Both the SEC and FBI are under-resourced and overwhelmed and as a result, they are unable to successfully investigate too many complicated white collar crime cases, unless such cases are handed to them on a silver platter by others. The most experienced SEC and FBI personnel are leaving government work for better paying private sector jobs. Therefore, if you really want criminals to think twice before executing their crimes, I suggest that you beef up our nation's investigative and law enforcement resources.
Our capital markets depend on the integrity of financial information that is supposed to be insured by external auditors, audit committees, and consistently effective law enforcement. Inadequately trained independent external auditors, the first line of defense for insuring the integrity of financial reporting, are supervised by even less competent and less independent audit committees. On top of that, our regulators and law enforcement agencies lack the required resources to effectively prosecute many crimes enabled by the lack of effective audits and company oversight by boards of directors. Therefore, we face a perfect storm for disaster, as the cancer of white collar crime destroys our economic fabric and inflicts a collective harm on our great society.
If you want capitalism to succeed as an engine of prosperity for our great nation, I ask you to heed my my advice based on my experience as a cold blooded convicted felon.
Sam E. Antar (former Crazy Eddie CFO and a convicted felon)
PS: While Rahm Emanuel may not have been an effective board member of Freddie Mac, he can provide valuable insight to you about the perils of lack of effective oversight by boards of directors. After all, the wisest people are those that learn from past mistakes.

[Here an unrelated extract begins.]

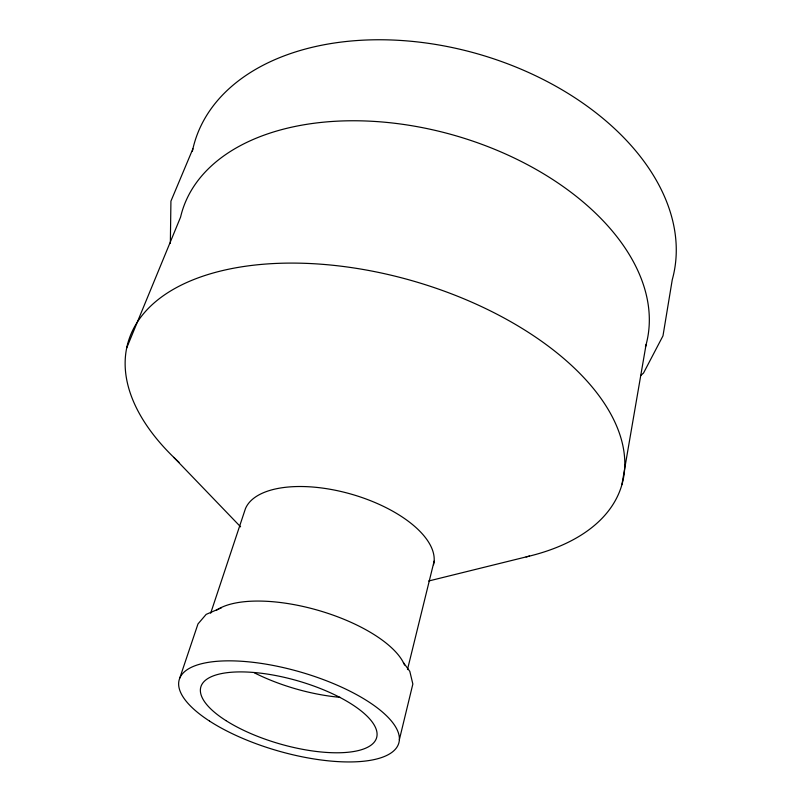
<?xml version="1.0" encoding="UTF-8"?>
<svg xmlns="http://www.w3.org/2000/svg" width="802" height="802" viewBox="0 0 802 802"><rect width="100%" height="100%" fill="white"/><g stroke="black" fill="none" stroke-linecap="round" stroke-linejoin="round"><path stroke-width="1.2" d="M170.355 243.247L170.926 201.152L192.901 148.811M621.931 484.598L646.081 344.619M399.376 739.634L412.85 684.036L409.802 671.324L403.396 662.572M407.476 669.57L434.133 561.179M210.675 613.209L245.422 508.709A98.215 45.724 16.1 0 1 353.391 494.774A98.215 45.724 16.1 0 1 433.541 564.748M179.788 678.051L197.984 623.936L206.154 614.392L221.522 607.746M126.676 347.968L180.58 217.111A241.382 149.543 16.1 0 1 451.997 134.676A241.382 149.543 16.1 0 1 645.42 346.975M640.768 375.466L643.525 373.04L662.983 335.848L672.276 279.657A248.52 164.089 16.1 0 0 471.656 52.2A248.52 164.089 16.1 0 0 192.39 151.197M428.719 580.989L529.51 556.077M173.783 457.361L240.6 526.834M178.976 462.263A256.971 137.964 16.1 0 1 221.282 270.875A256.971 137.964 16.1 0 1 572.929 366.725A256.971 137.964 16.1 0 1 526.112 556.899M340.088 697.339A102.856 40.832 16.1 0 1 254.404 672.848M216.38 610.302A102.856 40.832 16.1 0 1 318.685 610.482A102.856 40.832 16.1 0 1 404.529 665.038M225.953 720.607A91.468 32.782 16.1 0 0 373.953 742.502A91.468 32.782 16.1 0 0 266.284 673.931A91.468 32.782 16.1 0 0 225.953 720.607M209.543 721.078A114.285 41.002 16.1 0 0 395.095 749.519A114.285 41.002 16.1 0 0 262.384 663.575A114.285 41.002 16.1 0 0 209.543 721.078"/></g></svg>

In addition, I will continue to provide you with more unsolicited advice from time-to-time. You can learn a lot from a convicted felon who scammed the system and took advantage of gullible human beings in ways your advisors never dreamed of.
Disclosure: Registered Democrat (convicted felons can vote in New York State but don't get to serve on juries - which I don't mind) and I vote both Democrat and Republican depending on the best candidate for the job. In addition, I have no position in Freddie Mac securities.